- [TASK OBJECTIVE]: Type out the whole listing again exactly, pictures omitted.

___

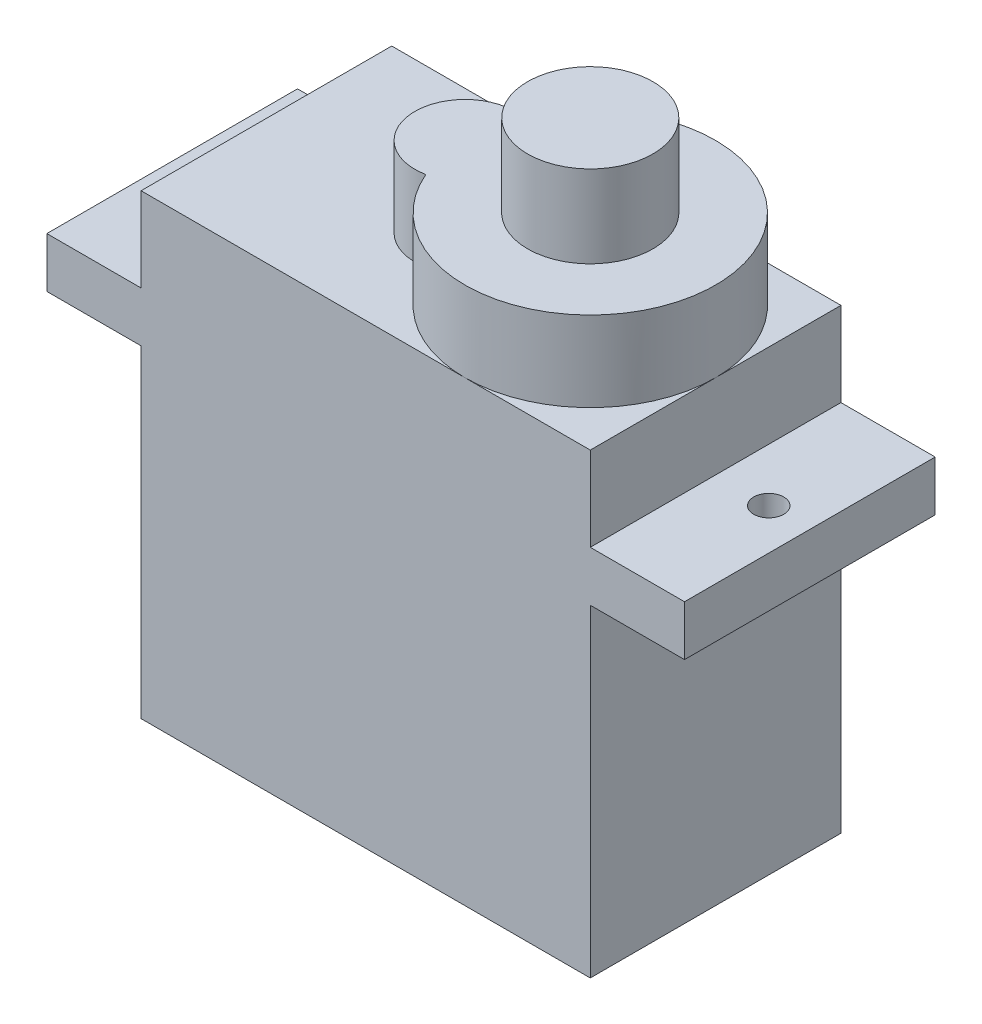
from build123d import *

# Parameters (mm, degrees)
SKETCH_1_W          = 22.4
SKETCH_1_H          = 12.5
EXTRUDE_1_DEPTH     = 22.8
EXTRUDE_START       = 16.1
SKETCH_2_W          = 31.8
SKETCH_2_H          = 12.5
EXTRUDE_2_DEPTH     = 2.5
CUT_EXTRUDE_1_REACH = 27.255
SKETCH_3_R          = 0.75
EXTRUDE_3_DEPTH     = 4
SKETCH_6_R          = 3.125
EXTRUDE_4_DEPTH     = 4.1


with BuildPart() as part:
    # 草图1 → 凸台-拉伸1 (new body)
    with BuildSketch(Plane(origin=(0, 0, 0), x_dir=(1, 0, 0), z_dir=(0, 1, 0))):
        Rectangle(SKETCH_1_W, SKETCH_1_H)
    extrude(amount=EXTRUDE_1_DEPTH)

    # 草图2 → 凸台-拉伸2 (add)
    with BuildSketch(Plane(origin=(0, 0, 0), x_dir=(1, 0, 0), z_dir=(0, 1, 0)).offset(EXTRUDE_START)):
        Rectangle(SKETCH_2_W, SKETCH_2_H)
    extrude(amount=EXTRUDE_2_DEPTH)

    # 草图3 → 切除-拉伸1 (cut, up to next)
    with BuildSketch(Plane(origin=(0, 18.6, 0), x_dir=(1, 0, 0), z_dir=(0, 1, 0)), mode=Mode.PRIVATE) as cut_extrude_1_sk1:
        with Locations(Location((-13.85, 0, 0), (0, 0, 270))):
            Circle(SKETCH_3_R)
    cut_extrude_1_tool1 = extrude(cut_extrude_1_sk1.sketch, amount=-CUT_EXTRUDE_1_REACH, mode=Mode.PRIVATE) & part.part
    # 草图3 → 切除-拉伸1 (cut, up to next)
    with BuildSketch(Plane(origin=(0, 18.6, 0), x_dir=(1, 0, 0), z_dir=(0, 1, 0)), mode=Mode.PRIVATE) as cut_extrude_1_sk2:
        with Locations(Location((13.85, 0, 0), (0, 0, 270))):
            Circle(SKETCH_3_R)
    cut_extrude_1_tool2 = extrude(cut_extrude_1_sk2.sketch, amount=-CUT_EXTRUDE_1_REACH, mode=Mode.PRIVATE) & part.part
    add(cut_extrude_1_tool1.solids().sort_by_distance((-13.85, 18.6, 0))[0], mode=Mode.SUBTRACT)
    add(cut_extrude_1_tool2.solids().sort_by_distance((13.85, 18.6, 0))[0], mode=Mode.SUBTRACT)

    # 草图4 → 凸台-拉伸3 (add)
    with BuildSketch(Plane(origin=(0, 22.8, 0), x_dir=(1, 0, 0), z_dir=(0, 1, 0))):
        with BuildLine():
            ThreePointArc((-0.8, -2.449489743), (11.2, 0), (-0.8, 2.449489743))
            ThreePointArc((-0.8, 2.449489743), (-3.8, 0), (-0.8, -2.449489743))
        make_face()
    extrude(amount=EXTRUDE_3_DEPTH)

    # 草图6 → 凸台-拉伸4 (add)
    with BuildSketch(Plane(origin=(0, 26.8, 0), x_dir=(1, 0, 0), z_dir=(0, 1, 0))):
        with Locations(Location((4.95, 0, 0), (0, 0, 270))):
            Circle(SKETCH_6_R)
    extrude(amount=EXTRUDE_4_DEPTH)


solid = part.part
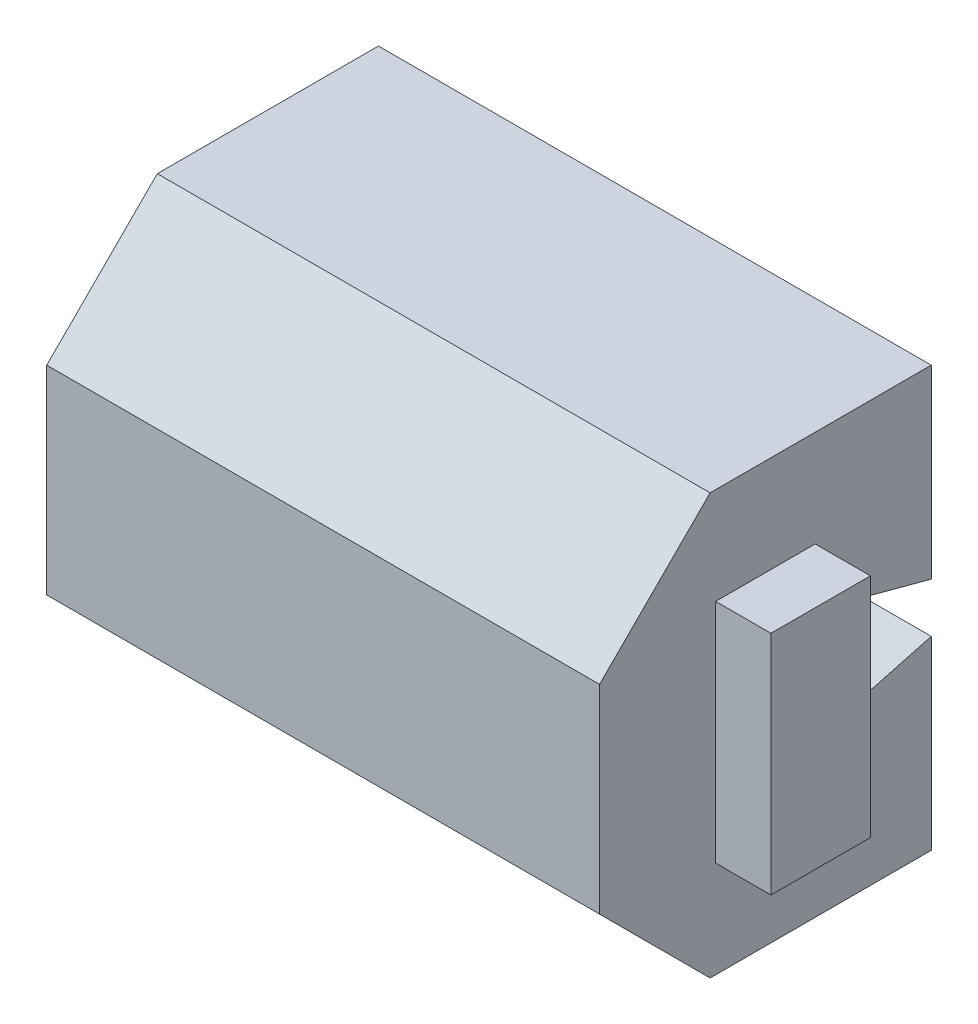
from build123d import *

# Parameters (mm, degrees)
SCHIZZO1_W                   = 20.5
SCHIZZO1_H                   = 9
ESTRUSIONE_ESTRUSIONE1_DEPTH = 5
SCHIZZO2_W                   = 38
SCHIZZO2_H                   = 30
ESTRUSIONE_ESTRUSIONE2_DEPTH = 50
TAGLIO_ESTRUSIONE1_DEPTH     = 61.09159675
M8_CLEARANCE_HOLE1_D         = 10
M8_CLEARANCE_HOLE1_DEPTH     = 40
M8_CLEARANCE_HOLE1_TIP       = 3.004303095
SMUSSO1_SIZE                 = 10


with BuildPart() as part:
    # Schizzo1 → Estrusione-Estrusione1 (new body)
    with BuildSketch(Plane.YZ):
        Rectangle(SCHIZZO1_W, SCHIZZO1_H)
    extrude(amount=ESTRUSIONE_ESTRUSIONE1_DEPTH)

    # Schizzo2 → Estrusione-Estrusione2 (add)
    with BuildSketch(Plane(origin=(0, 0, 0), x_dir=(0, -1, 0), z_dir=(-1, 0, 0))):
        Rectangle(SCHIZZO2_W, SCHIZZO2_H)
    extrude(amount=ESTRUSIONE_ESTRUSIONE2_DEPTH)

    # Schizzo3 → Taglio-Estrusione1 (cut, through all)
    with BuildSketch(Plane(origin=(-50, 0, 0), x_dir=(0, -1, 0), z_dir=(-1, 0, 0))):
        Polygon((2.240381057, -15), (4.25, -7.5), (-4.25, -7.5), (-2.240381057, -15), align=None)
    extrude(amount=-TAGLIO_ESTRUSIONE1_DEPTH, mode=Mode.SUBTRACT)

    # M8 Clearance Hole1
    with Locations(Plane.ZY.offset(50)):
        with Locations((0, 0)):
            Hole(M8_CLEARANCE_HOLE1_D / 2, depth=M8_CLEARANCE_HOLE1_DEPTH)
            with Locations((0, 0, -(M8_CLEARANCE_HOLE1_DEPTH + M8_CLEARANCE_HOLE1_TIP / 2))):  # 118° drill point
                Cone(0, M8_CLEARANCE_HOLE1_D / 2, M8_CLEARANCE_HOLE1_TIP, mode=Mode.SUBTRACT)

    # Smusso1
    smusso1_edges = [part.edges().sort_by_distance(p)[0] for p in [
        (-25, -19, 15),
        (-25, 19, 15),
    ]]
    chamfer(smusso1_edges, length=SMUSSO1_SIZE)


solid = part.part

___

- [RESPONSE TO THE EXERCISE]:
from build123d import *

# Parameters (mm, degrees)
SKETCH_1_W          = 22.4
SKETCH_1_H          = 12.5
EXTRUDE_1_DEPTH     = 22.8
EXTRUDE_START       = 16.1
SKETCH_2_W          = 31.8
SKETCH_2_H          = 12.5
EXTRUDE_2_DEPTH     = 2.5
CUT_EXTRUDE_1_REACH = 27.255
SKETCH_3_R          = 0.75
EXTRUDE_3_DEPTH     = 4
SKETCH_6_R          = 3.125
EXTRUDE_4_DEPTH     = 4.1


with BuildPart() as part:
    # 草图1 → 凸台-拉伸1 (new body)
    with BuildSketch(Plane(origin=(0, 0, 0), x_dir=(1, 0, 0), z_dir=(0, 1, 0))):
        Rectangle(SKETCH_1_W, SKETCH_1_H)
    extrude(amount=EXTRUDE_1_DEPTH)

    # 草图2 → 凸台-拉伸2 (add)
    with BuildSketch(Plane(origin=(0, 0, 0), x_dir=(1, 0, 0), z_dir=(0, 1, 0)).offset(EXTRUDE_START)):
        Rectangle(SKETCH_2_W, SKETCH_2_H)
    extrude(amount=EXTRUDE_2_DEPTH)

    # 草图3 → 切除-拉伸1 (cut, up to next)
    with BuildSketch(Plane(origin=(0, 18.6, 0), x_dir=(1, 0, 0), z_dir=(0, 1, 0)), mode=Mode.PRIVATE) as cut_extrude_1_sk1:
        with Locations(Location((-13.85, 0, 0), (0, 0, 270))):
            Circle(SKETCH_3_R)
    cut_extrude_1_tool1 = extrude(cut_extrude_1_sk1.sketch, amount=-CUT_EXTRUDE_1_REACH, mode=Mode.PRIVATE) & part.part
    # 草图3 → 切除-拉伸1 (cut, up to next)
    with BuildSketch(Plane(origin=(0, 18.6, 0), x_dir=(1, 0, 0), z_dir=(0, 1, 0)), mode=Mode.PRIVATE) as cut_extrude_1_sk2:
        with Locations(Location((13.85, 0, 0), (0, 0, 270))):
            Circle(SKETCH_3_R)
    cut_extrude_1_tool2 = extrude(cut_extrude_1_sk2.sketch, amount=-CUT_EXTRUDE_1_REACH, mode=Mode.PRIVATE) & part.part
    add(cut_extrude_1_tool1.solids().sort_by_distance((-13.85, 18.6, 0))[0], mode=Mode.SUBTRACT)
    add(cut_extrude_1_tool2.solids().sort_by_distance((13.85, 18.6, 0))[0], mode=Mode.SUBTRACT)

    # 草图4 → 凸台-拉伸3 (add)
    with BuildSketch(Plane(origin=(0, 22.8, 0), x_dir=(1, 0, 0), z_dir=(0, 1, 0))):
        with BuildLine():
            ThreePointArc((-0.8, -2.449489743), (11.2, 0), (-0.8, 2.449489743))
            ThreePointArc((-0.8, 2.449489743), (-3.8, 0), (-0.8, -2.449489743))
        make_face()
    extrude(amount=EXTRUDE_3_DEPTH)

    # 草图6 → 凸台-拉伸4 (add)
    with BuildSketch(Plane(origin=(0, 26.8, 0), x_dir=(1, 0, 0), z_dir=(0, 1, 0))):
        with Locations(Location((4.95, 0, 0), (0, 0, 270))):
            Circle(SKETCH_6_R)
    extrude(amount=EXTRUDE_4_DEPTH)


solid = part.part
from build123d import *

# Parameters (mm, degrees)
SCHIZZO1_W                   = 20.5
SCHIZZO1_H                   = 9
ESTRUSIONE_ESTRUSIONE1_DEPTH = 5
SCHIZZO2_W                   = 38
SCHIZZO2_H                   = 30
ESTRUSIONE_ESTRUSIONE2_DEPTH = 50
TAGLIO_ESTRUSIONE1_DEPTH     = 61.09159675
M8_CLEARANCE_HOLE1_D         = 10
M8_CLEARANCE_HOLE1_DEPTH     = 40
M8_CLEARANCE_HOLE1_TIP       = 3.004303095
SMUSSO1_SIZE                 = 10


with BuildPart() as part:
    # Schizzo1 → Estrusione-Estrusione1 (new body)
    with BuildSketch(Plane.YZ):
        Rectangle(SCHIZZO1_W, SCHIZZO1_H)
    extrude(amount=ESTRUSIONE_ESTRUSIONE1_DEPTH)

    # Schizzo2 → Estrusione-Estrusione2 (add)
    with BuildSketch(Plane(origin=(0, 0, 0), x_dir=(0, -1, 0), z_dir=(-1, 0, 0))):
        Rectangle(SCHIZZO2_W, SCHIZZO2_H)
    extrude(amount=ESTRUSIONE_ESTRUSIONE2_DEPTH)

    # Schizzo3 → Taglio-Estrusione1 (cut, through all)
    with BuildSketch(Plane(origin=(-50, 0, 0), x_dir=(0, -1, 0), z_dir=(-1, 0, 0))):
        Polygon((2.240381057, -15), (4.25, -7.5), (-4.25, -7.5), (-2.240381057, -15), align=None)
    extrude(amount=-TAGLIO_ESTRUSIONE1_DEPTH, mode=Mode.SUBTRACT)

    # M8 Clearance Hole1
    with Locations(Plane.ZY.offset(50)):
        with Locations((0, 0)):
            Hole(M8_CLEARANCE_HOLE1_D / 2, depth=M8_CLEARANCE_HOLE1_DEPTH)
            with Locations((0, 0, -(M8_CLEARANCE_HOLE1_DEPTH + M8_CLEARANCE_HOLE1_TIP / 2))):  # 118° drill point
                Cone(0, M8_CLEARANCE_HOLE1_D / 2, M8_CLEARANCE_HOLE1_TIP, mode=Mode.SUBTRACT)

    # Smusso1
    smusso1_edges = [part.edges().sort_by_distance(p)[0] for p in [
        (-25, -19, 15),
        (-25, 19, 15),
    ]]
    chamfer(smusso1_edges, length=SMUSSO1_SIZE)


solid = part.part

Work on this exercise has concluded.